The parallels between Moliere's Don Juan and Marber's are fairly self-evident: Moliere's is set in a fantasy-Sicily, Marber's in a fantasy-Soho. Both plays present less of a coherent narrative than a succession of loosely connected scenes which further illuminate the character of Don Juan. In each case, he has recently married and abandoned a virtuous woman called Elvira, and is pursued by her family seeking retribution. He is accompanied by a servant who is interestingly complicit in and condemnatory of his life and behaviour. The major incidents remain in place but have been updated by Marber in an attempt to generate equal shock value in a more permissive time: for example the scene in which Moliere's Don Juan simultaneously proposes to two peasant girls is replaced by a scene in which Don Juan woos one woman while receiving a blowjob from another (and it's utterly hilarious, by the way). Marber's Don Juan also undergoes a fake redemption as both response and challenge to what he perceives as the hypocrisy of his time, attempts to make a beggar blaspheme in exchange for money (in Marber's case, the beggar is Muslim - oooh, edgy, man, edgy!) and pays up in the face of the beggar's integrity and invites a statue to dinner which comes to life in response and threatens him with impending comeuppance for his sins. Both Don Juans suffer a rather brutal death, Moliere's, of course, is sucked screaming into hell, and Marber's is murdered by Elvira's kin.
Although ostensibly in the comic tradition, Moliere's Don Juan is genuinely chilling. It presents itself as a relatively simple tale in which the authority of God is challenged by a sinner, he is offered multiple opportunities to repent and change his ways, chooses not to, and is accordingly punished. However, it is problematised by the relationship of Don Juan to the other characters in the play (his servant, Sganarelle, purports to despise him but nevertheless does not leave his side) and the audience, who cannot fail to admire him: we are all equally his conquests. This is replicated to some extent in Marber's version but what is lost is context.
Whether you view it as a positive or negative element of Our Times Today, sleeping around is no longer shocking, and yet this is the primary characteristic of Marber's Don Juan: "the man's a slag. He'd do with anything - a hole in the ozone layer." Moliere's, by contrast, although he is also "always marrying" is introduced initially as something far more iniquitous than a mere manwhore: "he's the biggest bastard ever born ... [] ... a dog, a devil, a Turk, an atheist" [emphasis mine]. Moliere's Don Juan is a libertine in the truest sense of the word: his carnal sins are inextricably connected to his spiritual ones, and to some extent little more than a manifestation of them. He repeatedly offends God and, through his indiscriminate promiscuous behaviour, offends the whole social order; I believe his sleeping around is, in itself, less provocative than the fact he uses it as the ultimate leveller, equating both the elite and the base: "He's always marrying: mothers, daughters, town girls, country girls, cold ones, hot ones, they're all the same to him." His behaviour, combined with his atheism, constitutes a determined assault on what was perceived to be the natural order of things, and a whole way of life and thought.
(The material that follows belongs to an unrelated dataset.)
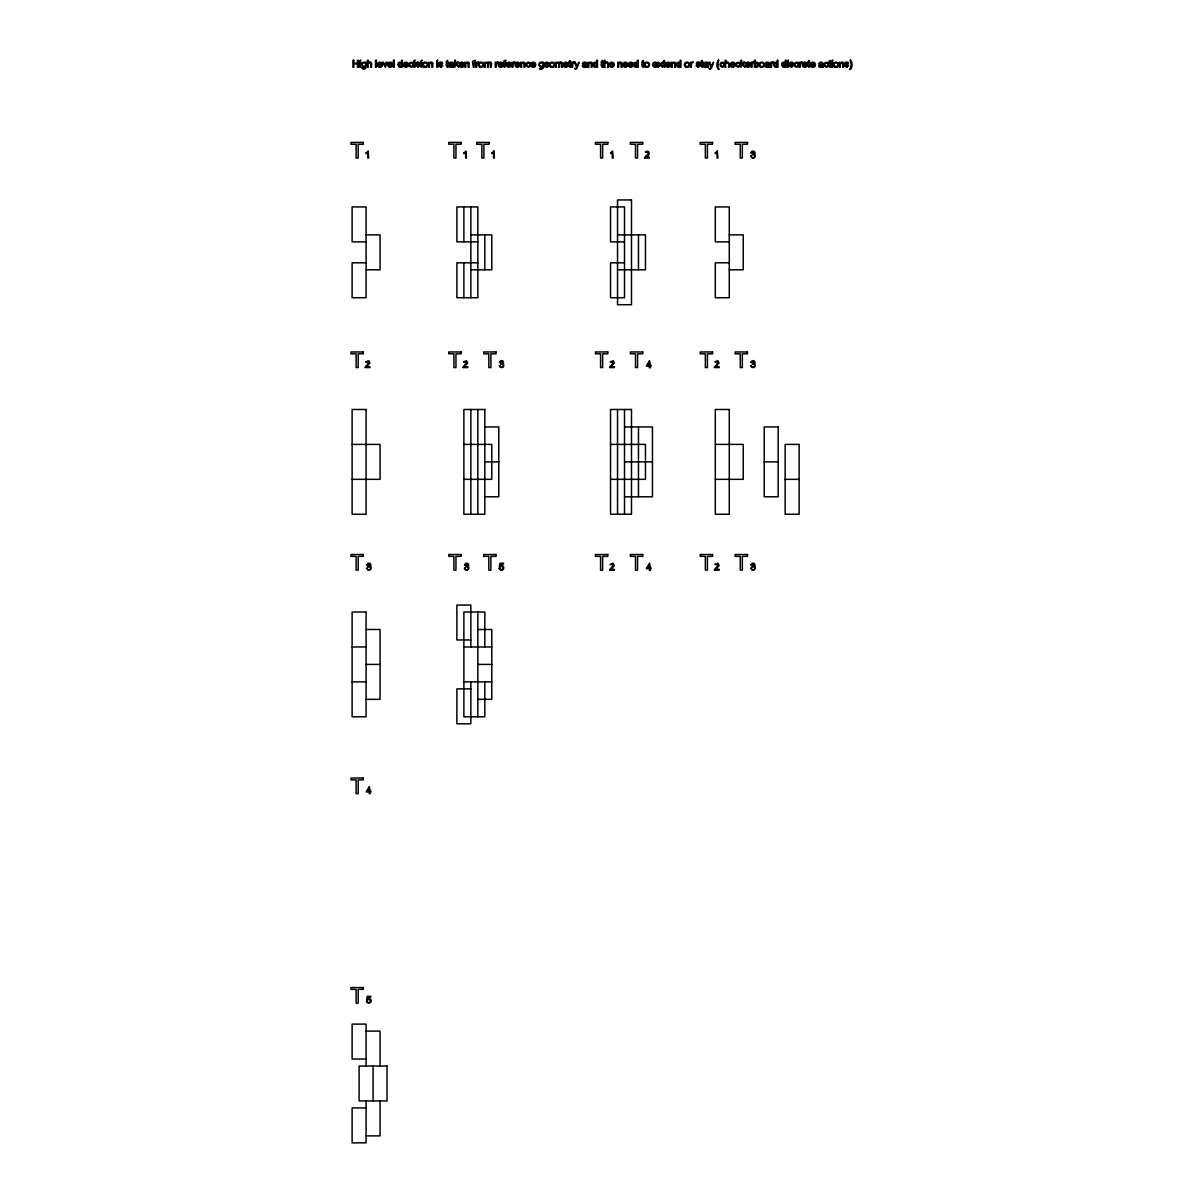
<?xml version="1.0" encoding="UTF-8"?>
<svg xmlns="http://www.w3.org/2000/svg" width="1203" height="1203" viewBox="0 0 1203 1203"><rect width="100%" height="100%" fill="white"/><g stroke="black" fill="none" stroke-linecap="round" stroke-linejoin="round"><path stroke-width="1.5" d="M416.809 63.428L419.847 63.503A1.88 1.88 0 0 0 419.561 62.706L419.185 62.391M439.561 63.428L442.599 63.503A1.88 1.88 0 0 0 442.313 62.706L441.952 62.391M697.018 63.428L700.056 63.503A1.88 1.88 0 0 0 699.77 62.706L699.304 62.345A2.496 2.496 0 0 0 696.778 62.436L696.266 63.97L697.62 64.932A16.797 16.797 0 0 0 698.236 65.112A8.632 8.632 0 0 1 698.808 65.263L698.492 66.646M790.236 63.428L793.273 63.503A1.88 1.88 0 0 0 792.988 62.706L792.521 62.345A2.496 2.496 0 0 0 789.98 62.436L789.484 63.97L790.837 64.932A16.797 16.797 0 0 0 791.454 65.112A8.632 8.632 0 0 1 792.025 65.263L791.694 66.646M845.514 63.428L848.551 63.503A1.88 1.88 0 0 0 848.28 62.706L847.814 62.345A2.496 2.496 0 0 0 845.273 62.436L844.762 63.97L846.115 64.932A16.797 16.797 0 0 0 846.732 65.112A8.632 8.632 0 0 1 847.303 65.263L846.987 66.646M368.193 566.824L368.283 566.072M465.967 566.824L466.072 566.072M500.989 363.517L500.899 364.268A1.639 1.639 0 0 1 503.155 365.276A1.639 1.639 0 0 1 501.741 367.351A1.639 1.639 0 0 1 499.922 365.607L499.2 365.742M752.431 153.984L752.326 154.736A1.639 1.639 0 0 1 754.597 155.743A1.639 1.639 0 0 1 753.183 157.819A1.639 1.639 0 0 1 751.364 156.074M752.431 363.517L752.326 364.268A1.639 1.639 0 0 1 754.597 365.276A1.639 1.639 0 0 1 753.183 367.351A1.639 1.639 0 0 1 751.364 365.607M752.326 566.824L752.431 566.072M367.637 998.971L368.013 997.092L370.795 997.092L370.795 996.279L367.321 996.279L366.644 999.858L367.456 999.964A1.564 1.564 0 0 1 369.907 999.994A1.564 1.564 0 0 1 369.366 1002.37A1.564 1.564 0 0 1 367.171 1001.302M500.343 565.936L500.719 564.057L503.501 564.057L503.501 563.245L500.027 563.245L499.35 566.824L500.147 566.929A1.564 1.564 0 0 1 502.613 566.959A1.564 1.564 0 0 1 502.072 569.335A1.564 1.564 0 0 1 499.877 568.267M542.373 67.744C533.651 69.157 547.275 72.15 543.32 62.195L542.538 62.797M478.523 62.361L476.839 63.458L476.644 67.248L475.786 67.248L475.786 62.195L476.553 62.962A1.669 1.669 0 0 1 478.674 62.045M498.027 62.361L496.343 63.458L496.147 67.248L495.29 67.248L495.29 62.195L496.057 62.962M514.839 62.361L513.14 63.458L512.944 67.248L512.087 67.248L512.087 62.195L512.854 62.962A1.669 1.669 0 0 1 514.974 62.045M574.448 62.361L572.793 63.398L572.568 67.248L571.711 67.248L571.711 62.195L572.478 62.962M693.169 62.361L691.484 63.458L691.289 67.248L690.432 67.248L690.432 62.195L691.199 62.962A1.669 1.669 0 0 1 693.319 62.045M753.86 62.361L752.176 63.458L751.98 67.248L751.123 67.248L751.123 62.195L751.89 62.962M773.379 62.361L771.709 63.428L771.484 67.248L770.627 67.248L770.627 62.195L771.409 62.962M802.1 62.361L800.446 63.398L800.206 67.248L799.348 67.248L799.348 62.195L800.115 62.962M474.283 61.127L475.125 62.857L474.147 62.857L474.147 67.248L473.29 67.248L472.538 62.195C472.328 60.406 477.11 59.518 474.403 61.022M505.17 61.127L506.012 62.857L505.019 62.857L505.019 67.248L504.162 67.248L503.41 62.195C503.29 60.345 507.952 59.564 505.275 61.022M753.649 363.171L753.198 361.321L750.732 362.374M611.741 567.425L613.395 564.463L610.071 564.568L613.034 563.23L614.342 565.575L611.665 568.553A3.383 3.383 0 0 0 610.989 569.29M589.229 63.173L591.094 63.323L591.229 67.248L592.087 67.248L592.087 64A3.82 3.82 0 0 0 592.026 63.263M672.718 63.173L674.582 63.323L674.718 67.248L675.575 67.248L675.575 64A3.82 3.82 0 0 0 675.515 63.263M840.717 63.173L842.596 63.323L842.717 67.248L843.574 67.248L843.574 64A3.82 3.82 0 0 0 843.529 63.263M367.141 365.005L368.99 362.013L365.652 361.923L368.689 360.705L369.877 363.08L367.156 366.058A3.383 3.383 0 0 0 366.539 366.75L369.968 366.75L369.968 367.577L365.351 367.577M646.522 155.473C651.68 150.901 644.206 152.706 645.304 151.849C649.951 149.142 650.462 155.608 646.522 156.525A3.383 3.383 0 0 0 645.906 157.217L649.349 157.217L649.349 158.044L644.733 158.044M464.929 365.005L466.764 362.013L463.441 361.923L466.463 360.705L467.666 363.08L464.929 366.058A3.383 3.383 0 0 0 464.313 366.75L467.756 366.75L467.756 367.577L463.14 367.577M611.59 365.005L613.425 361.968L610.116 361.923L613.139 360.705L614.327 363.08L611.726 365.953A3.383 3.383 0 0 0 610.989 366.75M716.356 365.005L718.206 362.013L714.883 361.923L717.905 360.705L719.093 363.08L716.432 366.013A3.383 3.383 0 0 0 715.755 366.75L719.183 366.75L719.183 367.577L714.582 367.577M716.356 567.545L718.191 564.508L714.883 564.463L717.905 563.26L719.108 565.575L716.432 568.553A3.383 3.383 0 0 0 715.755 569.29L719.183 569.305L719.183 570.132L714.582 570.132M502.117 363.246L501.756 361.321L499.29 362.374M450.313 65.203L451.065 65.037A6.977 6.977 0 0 0 452.463 64.736L451.711 66.496L449.862 65.97M583.635 65.203L584.372 65.037A6.977 6.977 0 0 0 585.786 64.736L584.974 66.526L583.169 65.894M705.063 65.203L705.8 65.037A6.977 6.977 0 0 0 707.214 64.736L706.402 66.526L704.612 65.97M766.296 65.203L767.048 65.037A6.977 6.977 0 0 0 768.461 64.736L767.694 66.496L765.845 65.97M819.95 65.203L820.702 65.037A6.977 6.977 0 0 0 822.1 64.736L821.303 66.526L819.499 65.97M412.358 63.804L413.2 63.684M529.41 63.804L530.252 63.684M723.454 63.804L724.296 63.684M739.183 63.804L740.01 63.684M797.709 63.804L798.551 63.684M827.529 63.804L828.356 63.684M418.268 66.646L418.689 65.308A8.632 8.632 0 0 0 418.027 65.112A16.797 16.797 0 0 1 417.396 64.932L416.043 63.97L416.554 62.436A2.496 2.496 0 0 1 419.035 62.436M441.02 66.646L441.351 65.263A8.632 8.632 0 0 0 440.779 65.112A16.797 16.797 0 0 1 440.163 64.932L438.809 63.97L439.321 62.436A2.496 2.496 0 0 1 441.802 62.436M750.642 156.21L751.499 156.089M750.642 365.742L751.499 365.622M366.494 568.282L367.351 568.177A1.639 1.639 0 0 0 369.035 569.906A1.639 1.639 0 0 0 370.449 567.831A1.639 1.639 0 0 0 368.163 566.778M464.283 568.282L465.14 568.177M750.642 568.282L751.499 568.177M499.2 568.297L500.102 568.222M366.494 1001.332L367.396 1001.257M718.627 60.15L718.762 60.992A7.804 7.804 0 0 0 717.815 64.721M850.326 60.15L850.235 61.097A7.729 7.729 0 0 1 850.476 61.579A7.925 7.925 0 0 1 851.138 64.721A8.797 8.797 0 0 1 849.679 69.278M391.456 64.24C386.358 66.586 389.321 61.142 391.14 63.278A1.85 1.85 0 0 1 391.426 64.24M656.507 64.24C651.409 66.586 654.357 61.142 656.176 63.278A1.85 1.85 0 0 1 656.477 64.24M749.168 64.24C744.086 66.586 747.033 61.142 748.852 63.278A1.85 1.85 0 0 1 749.153 64.24M814.205 64.24C809.123 66.586 812.07 61.142 813.89 63.278A1.85 1.85 0 0 1 814.19 64.24M378.298 64.947L382.058 64.947M392.358 64.947L388.584 64.947A1.639 1.639 0 0 0 391.727 65.714M408.088 64.947L404.313 64.947A1.639 1.639 0 0 0 407.441 65.714M463.892 64.947L460.132 64.947A1.639 1.639 0 0 0 463.26 65.714M502.914 64.947L499.14 64.947A1.639 1.639 0 0 0 502.268 65.714M511.049 64.947L507.275 64.947A1.639 1.639 0 0 0 510.403 65.714M519.711 64.947L515.937 64.947A1.639 1.639 0 0 0 519.079 65.714M535.44 64.947L531.666 64.947A1.639 1.639 0 0 0 534.794 65.714M545.215 64.947L548.989 64.947M567.951 64.947L564.192 64.947A1.639 1.639 0 0 0 567.32 65.714M610.252 64.947L614.026 64.947M627.59 64.947L623.816 64.947A1.639 1.639 0 0 0 626.943 65.714M629.229 64.947L633.004 64.947M657.394 64.947L653.635 64.947A1.639 1.639 0 0 0 656.763 65.714M666.642 64.947L670.402 64.947M731.138 64.947L734.898 64.947M750.07 64.947L746.311 64.947A1.639 1.639 0 0 0 749.439 65.714M806.972 64.947L803.213 64.947A1.639 1.639 0 0 0 806.341 65.714M815.108 64.947L811.333 64.947A1.639 1.639 0 0 0 814.476 65.714M823.243 67.248L822.341 67.248A1.85 1.85 0 0 1 822.175 66.631C821.138 68.661 816.476 66.345 819.769 64.481A4.12 4.12 0 0 1 820.22 64.391L820.566 64.33A8.887 8.887 0 0 0 822.1 64.06M493.862 151.037L494.418 158.044L493.561 158.044L493.561 152.586A5.323 5.323 0 0 1 491.832 153.593L491.847 152.796M717.364 151.037L717.92 158.044L717.063 158.044L717.063 152.586A5.323 5.323 0 0 1 715.334 153.593L715.349 152.796M366.088 234.871L380.058 234.871L380.058 269.803L366.088 269.803M470.854 234.871L491.801 234.871L491.801 269.803L470.854 269.803M617.53 234.871L645.47 234.871L645.47 269.803L617.53 269.803M729.274 234.871L743.243 234.871L743.243 269.803L729.274 269.803M366.088 241.863L352.118 241.863L352.118 206.931L366.088 206.931L366.088 297.727L352.118 297.727L352.118 262.81L366.088 262.81M477.847 241.863L456.884 241.863L456.884 206.931L477.847 206.931L477.847 297.727L456.884 297.727L456.884 262.81L477.847 262.81M624.507 241.863L610.538 241.863L610.538 206.931L624.507 206.931L624.507 297.727L610.538 297.727L610.538 262.81L624.507 262.81M729.274 241.863L715.304 241.863L715.304 206.931L729.274 206.931L729.274 297.727L715.304 297.727L715.304 262.81L729.274 262.81M611.004 366.75L614.417 366.75L614.417 367.577L609.816 367.577M484.824 426.945L498.794 426.945L498.794 496.794L484.824 496.794M624.507 426.945L652.447 426.945L652.447 496.794L624.507 496.794M352.118 444.403L380.058 444.403L380.058 479.335L352.118 479.335M463.877 444.403L491.801 444.403L491.801 479.335L463.877 479.335M610.538 444.403L645.47 444.403L645.47 479.335L610.538 479.335M715.304 444.403L743.243 444.403L743.243 479.335L715.304 479.335M484.824 461.862L498.794 461.862M624.507 461.862L652.447 461.862M764.206 461.862L778.176 461.862M785.153 479.335L799.123 479.335M611.004 569.305L614.417 569.305L614.417 570.132L609.816 570.132M366.088 629.5L380.058 629.5L380.058 699.334L366.088 699.334M477.847 629.5L491.801 629.5L491.801 699.334L477.847 699.334M470.854 639.966L456.884 639.966L456.884 605.049L470.854 605.049L470.854 646.958M352.118 646.958L366.088 646.958M463.877 646.958L491.801 646.958M366.088 664.417L380.058 664.417M477.847 664.417L491.801 664.417M352.118 681.875L366.088 681.875M463.877 681.875L491.801 681.875M470.854 688.868L456.884 688.868L456.884 723.785L470.854 723.785L470.854 681.875M366.088 1031.106L380.058 1031.106L380.058 1066.023M366.088 1059.031L352.118 1059.031L352.118 1024.114L366.088 1024.114L366.088 1066.023M366.088 1107.933L352.118 1107.933L352.118 1142.85L366.088 1142.85L366.088 1100.94M366.088 1135.873L380.058 1135.873L380.058 1100.94M846.566 66.661L844.551 65.744L846.927 67.353L848.732 65.503L846.115 64.015M791.288 66.661L789.273 65.744L791.649 67.353L793.454 65.503L790.837 64.015M698.071 66.661L696.056 65.744L698.432 67.353L700.236 65.503L697.62 64.015M440.614 66.661L438.599 65.744L440.975 67.353L442.779 65.503L440.133 64M417.847 66.661L415.832 65.744L418.208 67.353L419.997 65.458L417.366 64M814.205 65.624L815.093 65.729M806.07 65.624L806.957 65.729M749.168 65.624L750.055 65.729M733.995 65.624L734.883 65.729A2.556 2.556 0 0 1 730.853 66.466A2.556 2.556 0 0 1 731.755 62.345A2.556 2.556 0 0 1 735.259 64.706M669.5 65.624L670.387 65.729M656.492 65.624L657.379 65.729M632.101 65.624L632.989 65.729M626.673 65.624L627.56 65.729A2.556 2.556 0 0 1 623.53 66.466A2.556 2.556 0 0 1 624.432 62.345A2.556 2.556 0 0 1 627.936 64.706M613.124 65.624L614.011 65.729A2.556 2.556 0 0 1 609.981 66.466A2.556 2.556 0 0 1 610.883 62.345A2.556 2.556 0 0 1 614.387 64.706M567.049 65.624L567.936 65.729M548.072 65.624L548.959 65.729A2.556 2.556 0 0 1 544.944 66.466A2.556 2.556 0 0 1 545.846 62.345A2.556 2.556 0 0 1 549.335 64.706M534.523 65.624L535.41 65.729M518.809 65.624L519.696 65.729A2.556 2.556 0 0 1 515.666 66.466A2.556 2.556 0 0 1 516.568 62.345A2.556 2.556 0 0 1 520.072 64.706M510.132 65.624L511.019 65.729A2.556 2.556 0 0 1 506.989 66.466A2.556 2.556 0 0 1 507.892 62.345A2.556 2.556 0 0 1 511.395 64.706M501.997 65.624L502.884 65.729M462.99 65.624L463.877 65.729M407.17 65.624L408.058 65.729M391.456 65.624L392.343 65.729M381.156 65.624L382.043 65.729M827.589 65.398L828.431 65.503M797.784 65.398L798.627 65.503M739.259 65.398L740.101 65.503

Moliere's Don Juan is an iconoclast, Marber's is just a slut. Stan says that "he has declared jihad on the human spirit" but this is meaningless. How does the nebulous values associated with the human spirit compare to the authority of God? In the modern world - a world devoid of spiritual absolutes - Don Juan has nothing to rebel against; he cannot exist.
In both cases, Don Juan brings his ultimate fate upon himself, courting it with a self-destructiveness that implies a profound despair with life and his own nature, but what chills us in Molieres play is the underlying arbitrariness of it. He goes too far and goes to hell; he transgresses against something that permits of no mechanism of questioning or appeal. Marbers Don Juan, by contrast, is murdered by the family of Elvira in revenge for his treatment of her. They say they will allow him to live if he apologises for how you live. For who you are, Don Juan, claiming to feel no guilt or regret, refuses and so they kill him. However, since it is strikes me as perfectly reasonable (insofar as it is ever reasonable to murder someone) that these people who have been personally hurt and offended by his actions might want hurt and offend him back, it lacks of the potency of the Moliere ending. Essentially, Molieres play says it is not okay to be who you are if that offends God and Marbers says its perfectly okay to be who you are, just try not to piss off people with knives.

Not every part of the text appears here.